Russell King - ARM Linux Jan. 9, 2015, 4:35 p.m. UTC | #3
On Fri, Jan 09, 2015 at 10:25:54AM +0000, Jon Medhurst (Tixy) wrote:
> On Fri, 2015-01-09 at 14:37 +0800, Wang Nan wrote:
> > +			"	and	r4, sp, #4\n"
> > +			"	sub	sp, sp, r4\n"
> > +#if __LINUX_ARM_ARCH__ >= 5
> > +			"	blx	r2\n"
> > +#else
> > +			"	mov     lr, pc\n"
> > +			"	bx	r2\n"
> 
> I think the BX instruction is not supported for ARMv4 chips that don't
> have Thumb support (e.g. SA110), at least an old ARM ARM I have says BX
> is supported on "Version 5 and above, and T variants of version 4".

Correct.

> Though building assabet_defconfig with kprobes enabled doesn't produce
> an error for the BX instruction (!?)

Which config are you using?  Does it have CONFIG_CPU_32v4 enabled?
That should result in "-D__LINUX_ARM_ARCH__=4 -march=armv4" being
passed to the compiler (please check with make V=1).
Jon Medhurst (Tixy) Jan. 9, 2015, 5:28 p.m. UTC | #4
On Fri, 2015-01-09 at 16:35 +0000, Russell King - ARM Linux wrote:
> On Fri, Jan 09, 2015 at 10:25:54AM +0000, Jon Medhurst (Tixy) wrote:
> > On Fri, 2015-01-09 at 14:37 +0800, Wang Nan wrote:
> > > +			"	and	r4, sp, #4\n"
> > > +			"	sub	sp, sp, r4\n"
> > > +#if __LINUX_ARM_ARCH__ >= 5
> > > +			"	blx	r2\n"
> > > +#else
> > > +			"	mov     lr, pc\n"
> > > +			"	bx	r2\n"
> > 
> > I think the BX instruction is not supported for ARMv4 chips that don't
> > have Thumb support (e.g. SA110), at least an old ARM ARM I have says BX
> > is supported on "Version 5 and above, and T variants of version 4".
> 
> Correct.
> 
> > Though building assabet_defconfig with kprobes enabled doesn't produce
> > an error for the BX instruction (!?)
> 
> Which config are you using?  Does it have CONFIG_CPU_32v4 enabled?

Yes

> That should result in "-D__LINUX_ARM_ARCH__=4 -march=armv4" being
> passed to the compiler (please check with make V=1).

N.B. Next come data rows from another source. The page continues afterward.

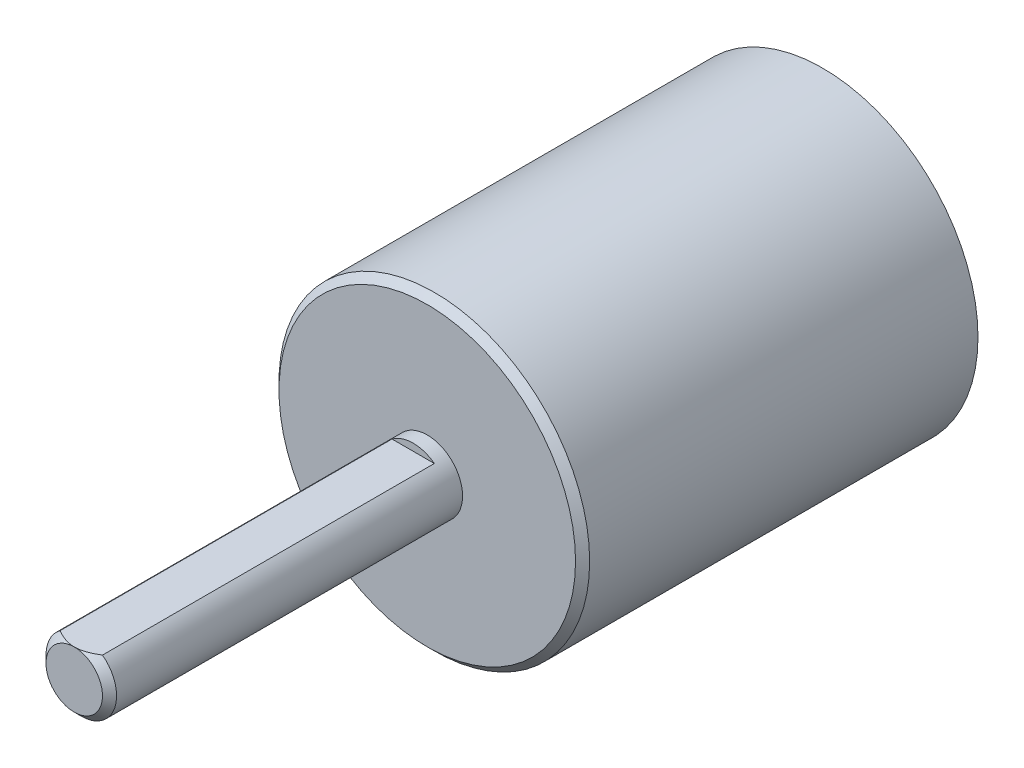
ISO-10303-21;
HEADER;
FILE_DESCRIPTION(('STEP AP214'),'2;1');
FILE_NAME('part.step','',(''),(''),'','','');
FILE_SCHEMA(('AUTOMOTIVE_DESIGN { 1 0 10303 214 1 1 1 1 }'));
ENDSEC;
DATA;
#1=APPLICATION_CONTEXT('core data for automotive mechanical design processes');
#2=APPLICATION_PROTOCOL_DEFINITION('international standard','automotive_design',2000,#1);
#3=PRODUCT_CONTEXT('',#1,'mechanical');
#4=PRODUCT('Part','Part','',(#3));
#5=PRODUCT_RELATED_PRODUCT_CATEGORY('part','',(#4));
#6=PRODUCT_DEFINITION_FORMATION('','',#4);
#7=PRODUCT_DEFINITION_CONTEXT('part definition',#1,'design');
#8=PRODUCT_DEFINITION('design','',#6,#7);
#9=PRODUCT_DEFINITION_SHAPE('','',#8);
#10=(LENGTH_UNIT() NAMED_UNIT(*) SI_UNIT(.MILLI.,.METRE.));
#11=(NAMED_UNIT(*) PLANE_ANGLE_UNIT() SI_UNIT($,.RADIAN.));
#12=(NAMED_UNIT(*) SI_UNIT($,.STERADIAN.) SOLID_ANGLE_UNIT());
#13=UNCERTAINTY_MEASURE_WITH_UNIT(LENGTH_MEASURE(1.E-05),#10,'distance_accuracy_value','');
#14=(GEOMETRIC_REPRESENTATION_CONTEXT(3) GLOBAL_UNCERTAINTY_ASSIGNED_CONTEXT((#13)) GLOBAL_UNIT_ASSIGNED_CONTEXT((#10,
#11,#12)) REPRESENTATION_CONTEXT('',''));
#15=CARTESIAN_POINT('',(0.,0.,0.));
#16=DIRECTION('',(0.,0.,1.));
#17=DIRECTION('',(1.,0.,0.));
#18=AXIS2_PLACEMENT_3D('',#15,#16,#17);
#19=CARTESIAN_POINT('',(0.,0.,53.));
#20=DIRECTION('',(0.,0.,-1.));
#21=DIRECTION('',(-1.,0.,0.));
#22=AXIS2_PLACEMENT_3D('',#19,#20,#21);
#23=CYLINDRICAL_SURFACE('',#22,2.5);
#24=CARTESIAN_POINT('',(0.,0.,28.));
#25=DIRECTION('',(0.,0.,1.));
#26=DIRECTION('',(1.,0.,0.));
#27=AXIS2_PLACEMENT_3D('',#24,#25,#26);
#28=CIRCLE('',#27,2.5);
#29=CARTESIAN_POINT('',(2.5,0.,28.));
#30=VERTEX_POINT('',#29);
#31=EDGE_CURVE('E100',#30,#30,#28,.T.);
#32=ORIENTED_EDGE('',*,*,#31,.T.);
#33=EDGE_LOOP('',(#32));
#34=FACE_BOUND('',#33,.T.);
#35=DIRECTION('',(0.,0.,1.));
#36=VECTOR('',#35,1.);
#37=CARTESIAN_POINT('',(1.5,2.,29.));
#38=LINE('',#37,#36);
#39=CARTESIAN_POINT('',(1.5,2.,29.));
#40=VERTEX_POINT('',#39);
#41=CARTESIAN_POINT('',(1.5,2.,52.5));
#42=VERTEX_POINT('',#41);
#43=EDGE_CURVE('E85',#40,#42,#38,.T.);
#44=ORIENTED_EDGE('',*,*,#43,.T.);
#45=CARTESIAN_POINT('',(0.,0.,52.5));
#46=DIRECTION('',(0.,0.,1.));
#47=DIRECTION('',(1.,0.,0.));
#48=AXIS2_PLACEMENT_3D('',#45,#46,#47);
#49=CIRCLE('',#48,2.5);
#50=CARTESIAN_POINT('',(-1.5,2.,52.5));
#51=VERTEX_POINT('',#50);
#52=EDGE_CURVE('E11',#42,#51,#49,.F.);
#53=ORIENTED_EDGE('',*,*,#52,.T.);
#54=DIRECTION('',(0.,0.,1.));
#55=VECTOR('',#54,1.);
#56=CARTESIAN_POINT('',(-1.5,2.,29.));
#57=LINE('',#56,#55);
#58=CARTESIAN_POINT('',(-1.5,2.,29.));
#59=VERTEX_POINT('',#58);
#60=EDGE_CURVE('E83',#59,#51,#57,.T.);
#61=ORIENTED_EDGE('',*,*,#60,.F.);
#62=CARTESIAN_POINT('',(0.,0.,29.));
#63=DIRECTION('',(0.,0.,1.));
#64=DIRECTION('',(1.,0.,0.));
#65=AXIS2_PLACEMENT_3D('',#62,#63,#64);
#66=CIRCLE('',#65,2.5);
#67=EDGE_CURVE('E89',#40,#59,#66,.T.);
#68=ORIENTED_EDGE('',*,*,#67,.F.);
#69=EDGE_LOOP('',(#44,#53,#61,#68));
#70=FACE_BOUND('',#69,.T.);
#71=ADVANCED_FACE('F49',(#34,#70),#23,.T.);
#72=CARTESIAN_POINT('',(0.,0.,53.));
#73=DIRECTION('',(0.,0.,1.));
#74=DIRECTION('',(1.,0.,0.));
#75=AXIS2_PLACEMENT_3D('',#72,#73,#74);
#76=PLANE('',#75);
#77=CARTESIAN_POINT('',(0.,0.,53.));
#78=DIRECTION('',(0.,0.,1.));
#79=DIRECTION('',(1.,0.,0.));
#80=AXIS2_PLACEMENT_3D('',#77,#78,#79);
#81=CIRCLE('',#80,2.00000000000001);
#82=CARTESIAN_POINT('',(0.,2.,53.));
#83=VERTEX_POINT('',#82);
#84=EDGE_CURVE('E115',#83,#83,#81,.T.);
#85=ORIENTED_EDGE('',*,*,#84,.T.);
#86=EDGE_LOOP('',(#85));
#87=FACE_BOUND('',#86,.T.);
#88=ADVANCED_FACE('F135',(#87),#76,.T.);
#89=CARTESIAN_POINT('',(0.,0.,28.));
#90=DIRECTION('',(0.,0.,-1.));
#91=DIRECTION('',(-1.,0.,0.));
#92=AXIS2_PLACEMENT_3D('',#89,#90,#91);
#93=CYLINDRICAL_SURFACE('',#92,11.);
#94=CARTESIAN_POINT('',(0.,0.,27.5));
#95=DIRECTION('',(0.,0.,1.));
#96=DIRECTION('',(1.,0.,0.));
#97=AXIS2_PLACEMENT_3D('',#94,#95,#96);
#98=CIRCLE('',#97,11.);
#99=CARTESIAN_POINT('',(11.,0.,27.5));
#100=VERTEX_POINT('',#99);
#101=EDGE_CURVE('E111',#100,#100,#98,.F.);
#102=ORIENTED_EDGE('',*,*,#101,.T.);
#103=EDGE_LOOP('',(#102));
#104=FACE_BOUND('',#103,.T.);
#105=CARTESIAN_POINT('',(0.,0.,0.));
#106=DIRECTION('',(0.,0.,1.));
#107=DIRECTION('',(1.,0.,0.));
#108=AXIS2_PLACEMENT_3D('',#105,#106,#107);
#109=CIRCLE('',#108,11.);
#110=CARTESIAN_POINT('',(11.,0.,0.));
#111=VERTEX_POINT('',#110);
#112=EDGE_CURVE('E97',#111,#111,#109,.T.);
#113=ORIENTED_EDGE('',*,*,#112,.T.);
#114=EDGE_LOOP('',(#113));
#115=FACE_BOUND('',#114,.T.);
#116=ADVANCED_FACE('F139',(#104,#115),#93,.T.);
#117=CARTESIAN_POINT('',(0.,0.,28.));
#118=DIRECTION('',(0.,0.,1.));
#119=DIRECTION('',(1.,0.,0.));
#120=AXIS2_PLACEMENT_3D('',#117,#118,#119);
#121=PLANE('',#120);
#122=CARTESIAN_POINT('',(0.,0.,28.));
#123=DIRECTION('',(0.,0.,1.));
#124=DIRECTION('',(1.,0.,0.));
#125=AXIS2_PLACEMENT_3D('',#122,#123,#124);
#126=CIRCLE('',#125,10.5);
#127=CARTESIAN_POINT('',(10.5,0.,28.));
#128=VERTEX_POINT('',#127);
#129=EDGE_CURVE('E104',#128,#128,#126,.T.);
#130=ORIENTED_EDGE('',*,*,#129,.T.);
#131=EDGE_LOOP('',(#130));
#132=FACE_BOUND('',#131,.T.);
#133=ORIENTED_EDGE('',*,*,#31,.F.);
#134=EDGE_LOOP('',(#133));
#135=FACE_BOUND('',#134,.T.);
#136=ADVANCED_FACE('F144',(#132,#135),#121,.T.);
#137=CARTESIAN_POINT('',(0.,0.,0.));
#138=DIRECTION('',(0.,0.,1.));
#139=DIRECTION('',(1.,0.,0.));
#140=AXIS2_PLACEMENT_3D('',#137,#138,#139);
#141=PLANE('',#140);
#142=ORIENTED_EDGE('',*,*,#112,.F.);
#143=EDGE_LOOP('',(#142));
#144=FACE_BOUND('',#143,.T.);
#145=ADVANCED_FACE('F134',(#144),#141,.F.);
#146=CARTESIAN_POINT('',(0.,2.,29.));
#147=DIRECTION('',(0.,1.,0.));
#148=DIRECTION('',(0.,0.,1.));
#149=AXIS2_PLACEMENT_3D('',#146,#147,#148);
#150=PLANE('',#149);
#151=CARTESIAN_POINT('',(-1.5,2.,52.5));
#152=CARTESIAN_POINT('',(-1.42763018659213,2.,52.5433736980276));
#153=CARTESIAN_POINT('',(-1.35436226532257,2.,52.5853687019536));
#154=CARTESIAN_POINT('',(-1.20549660628809,2.,52.6656443583189));
#155=CARTESIAN_POINT('',(-1.12989157710705,2.,52.7039114197062));
#156=CARTESIAN_POINT('',(-0.978296734874827,2.,52.774534191742));
#157=CARTESIAN_POINT('',(-0.902366736266402,2.,52.8070165390548));
#158=CARTESIAN_POINT('',(-0.748220644904069,2.,52.865809016699));
#159=CARTESIAN_POINT('',(-0.670007876047701,2.,52.8921276624893));
#160=CARTESIAN_POINT('',(-0.543060600019243,2.,52.9280861032667));
#161=CARTESIAN_POINT('',(-0.495021163503641,2.,52.9401901027996));
#162=CARTESIAN_POINT('',(-0.398260419217582,2.,52.9612794306282));
#163=CARTESIAN_POINT('',(-0.349539198139855,2.,52.9702651517484));
#164=CARTESIAN_POINT('',(-0.250852177401959,2.,52.9849271240241));
#165=CARTESIAN_POINT('',(-0.20087865403863,2.,52.9905520018212));
#166=CARTESIAN_POINT('',(-0.100607619276172,2.,52.9981023484678));
#167=CARTESIAN_POINT('',(-0.0503098472705266,2.,53.0000243314446));
#168=CARTESIAN_POINT('',(0.,2.,53.));
#169=B_SPLINE_CURVE_WITH_KNOTS('',3,(#151,#152,#153,#154,#155,#156,#157,#158,#159,#160,#161,
#162,#163,#164,#165,#166,#167,#168),.UNSPECIFIED.,.F.,.F.,(4,2,2,2,2,2,2,2,4),(0.,
0.253195034695597,0.507281075974288,0.754837752612879,1.00205037282501,1.15058504578388,
1.29910100031797,1.44983263801686,1.60070610394699),.UNSPECIFIED.);
#170=EDGE_CURVE('E119',#51,#83,#169,.T.);
#171=ORIENTED_EDGE('',*,*,#170,.T.);
#172=CARTESIAN_POINT('',(0.,2.00000000000001,53.));
#173=CARTESIAN_POINT('',(0.0614966481035623,2.,53.0000514930088));
#174=CARTESIAN_POINT('',(0.12296179611878,2.,52.997164788165));
#175=CARTESIAN_POINT('',(0.245274670057059,2.,52.9859212389057));
#176=CARTESIAN_POINT('',(0.306123362775479,2.,52.9775750221521));
#177=CARTESIAN_POINT('',(0.425885509906891,2.,52.9559969816614));
#178=CARTESIAN_POINT('',(0.484814317272308,2.,52.9428488248966));
#179=CARTESIAN_POINT('',(0.601555526074533,2.,52.9122507618696));
#180=CARTESIAN_POINT('',(0.659367456410754,2.,52.8947990813251));
#181=CARTESIAN_POINT('',(0.784576263433314,2.,52.8525702057821));
#182=CARTESIAN_POINT('',(0.851714510760656,2.,52.8270315815753));
#183=CARTESIAN_POINT('',(0.984250024576911,2.,52.7717452055525));
#184=CARTESIAN_POINT('',(1.04964642506795,2.,52.7419954048129));
#185=CARTESIAN_POINT('',(1.18016546542205,2.,52.6784785026746));
#186=CARTESIAN_POINT('',(1.24525271545219,2.,52.6446394298057));
#187=CARTESIAN_POINT('',(1.37378197006118,2.,52.5742160914668));
#188=CARTESIAN_POINT('',(1.43722666174302,2.,52.5376367483736));
#189=CARTESIAN_POINT('',(1.5,2.,52.5));
#190=B_SPLINE_CURVE_WITH_KNOTS('',3,(#172,#173,#174,#175,#176,#177,#178,#179,#180,#181,#182,
#183,#184,#185,#186,#187,#188,#189),.UNSPECIFIED.,.F.,.F.,(4,2,2,2,2,2,2,2,4),(0.,
0.184371949240825,0.368386057907037,0.549336051664292,0.730360773654886,0.945674044871393,
1.16109243790835,1.38109142427278,1.60070428639641),.UNSPECIFIED.);
#191=EDGE_CURVE('E60',#83,#42,#190,.T.);
#192=ORIENTED_EDGE('',*,*,#191,.T.);
#193=ORIENTED_EDGE('',*,*,#43,.F.);
#194=DIRECTION('',(-1.,0.,0.));
#195=VECTOR('',#194,1.);
#196=CARTESIAN_POINT('',(0.,2.,29.));
#197=LINE('',#196,#195);
#198=EDGE_CURVE('E80',#40,#59,#197,.T.);
#199=ORIENTED_EDGE('',*,*,#198,.T.);
#200=ORIENTED_EDGE('',*,*,#60,.T.);
#201=EDGE_LOOP('',(#171,#192,#193,#199,#200));
#202=FACE_BOUND('',#201,.T.);
#203=ADVANCED_FACE('F82',(#202),#150,.T.);
#204=CARTESIAN_POINT('',(0.,0.,29.));
#205=DIRECTION('',(0.,0.,1.));
#206=DIRECTION('',(1.,0.,0.));
#207=AXIS2_PLACEMENT_3D('',#204,#205,#206);
#208=PLANE('',#207);
#209=ORIENTED_EDGE('',*,*,#67,.T.);
#210=ORIENTED_EDGE('',*,*,#198,.F.);
#211=EDGE_LOOP('',(#209,#210));
#212=FACE_BOUND('',#211,.T.);
#213=ADVANCED_FACE('F91',(#212),#208,.T.);
#214=CARTESIAN_POINT('',(0.,0.,28.));
#215=DIRECTION('',(0.,0.,-1.));
#216=DIRECTION('',(-1.,0.,0.));
#217=AXIS2_PLACEMENT_3D('',#214,#215,#216);
#218=CONICAL_SURFACE('',#217,10.5,0.785398163397455);
#219=ORIENTED_EDGE('',*,*,#101,.F.);
#220=EDGE_LOOP('',(#219));
#221=FACE_BOUND('',#220,.T.);
#222=ORIENTED_EDGE('',*,*,#129,.F.);
#223=EDGE_LOOP('',(#222));
#224=FACE_BOUND('',#223,.T.);
#225=ADVANCED_FACE('F154',(#221,#224),#218,.T.);
#226=CARTESIAN_POINT('',(0.,0.,53.));
#227=DIRECTION('',(0.,0.,-1.));
#228=DIRECTION('',(-1.,0.,0.));
#229=AXIS2_PLACEMENT_3D('',#226,#227,#228);
#230=CONICAL_SURFACE('',#229,2.00000000000001,0.785398163397446);
#231=ORIENTED_EDGE('',*,*,#170,.F.);
#232=ORIENTED_EDGE('',*,*,#52,.F.);
#233=ORIENTED_EDGE('',*,*,#191,.F.);
#234=ORIENTED_EDGE('',*,*,#84,.F.);
#235=EDGE_LOOP('',(#231,#232,#233,#234));
#236=FACE_BOUND('',#235,.T.);
#237=ADVANCED_FACE('F52',(#236),#230,.T.);
#238=CLOSED_SHELL('',(#71,#88,#116,#136,#145,#203,#213,#225,#237));
#239=MANIFOLD_SOLID_BREP('B2',#238);
#240=ADVANCED_BREP_SHAPE_REPRESENTATION('',(#18,#239),#14);
#241=SHAPE_DEFINITION_REPRESENTATION(#9,#240);
ENDSEC;
END-ISO-10303-21;

I does have that, the arguments for compiling this source file
include...

-mno-thumb-interwork -marm -D__LINUX_ARM_ARCH__=4 -march=armv4 -mtune=strongarm1100

Using objdump I can see that the BX instruction does indeed end up in
the code, it hasn't been auto-magically turned into a MOV PC,R2.

Adding in a ".code 16" to the assembler produces "Error: selected
processor does not support THUMB opcodes", so at least it's got that
right. 

I have "gcc version 4.9.1 (Ubuntu/Linaro 4.9.1-16ubuntu6)"

Interestingly...

$ echo 'asm ("bx r2\n");' | arm-linux-gnueabihf-gcc -x c -S -march=armv4 -
<stdin>:1:0: warning: target CPU does not support THUMB instructions
$

but adding -marm gets rid of that error.

$ echo 'asm ("bx r2\n");' | arm-linux-gnueabihf-gcc -x c -S -marm -march=armv4 -
$
Russell King - ARM Linux Jan. 9, 2015, 5:57 p.m. UTC | #5
On Fri, Jan 09, 2015 at 05:28:22PM +0000, Jon Medhurst (Tixy) wrote:
> Using objdump I can see that the BX instruction does indeed end up in
> the code, it hasn't been auto-magically turned into a MOV PC,R2.
> 
> Adding in a ".code 16" to the assembler produces "Error: selected
> processor does not support THUMB opcodes", so at least it's got that
> right. 
> 
> I have "gcc version 4.9.1 (Ubuntu/Linaro 4.9.1-16ubuntu6)"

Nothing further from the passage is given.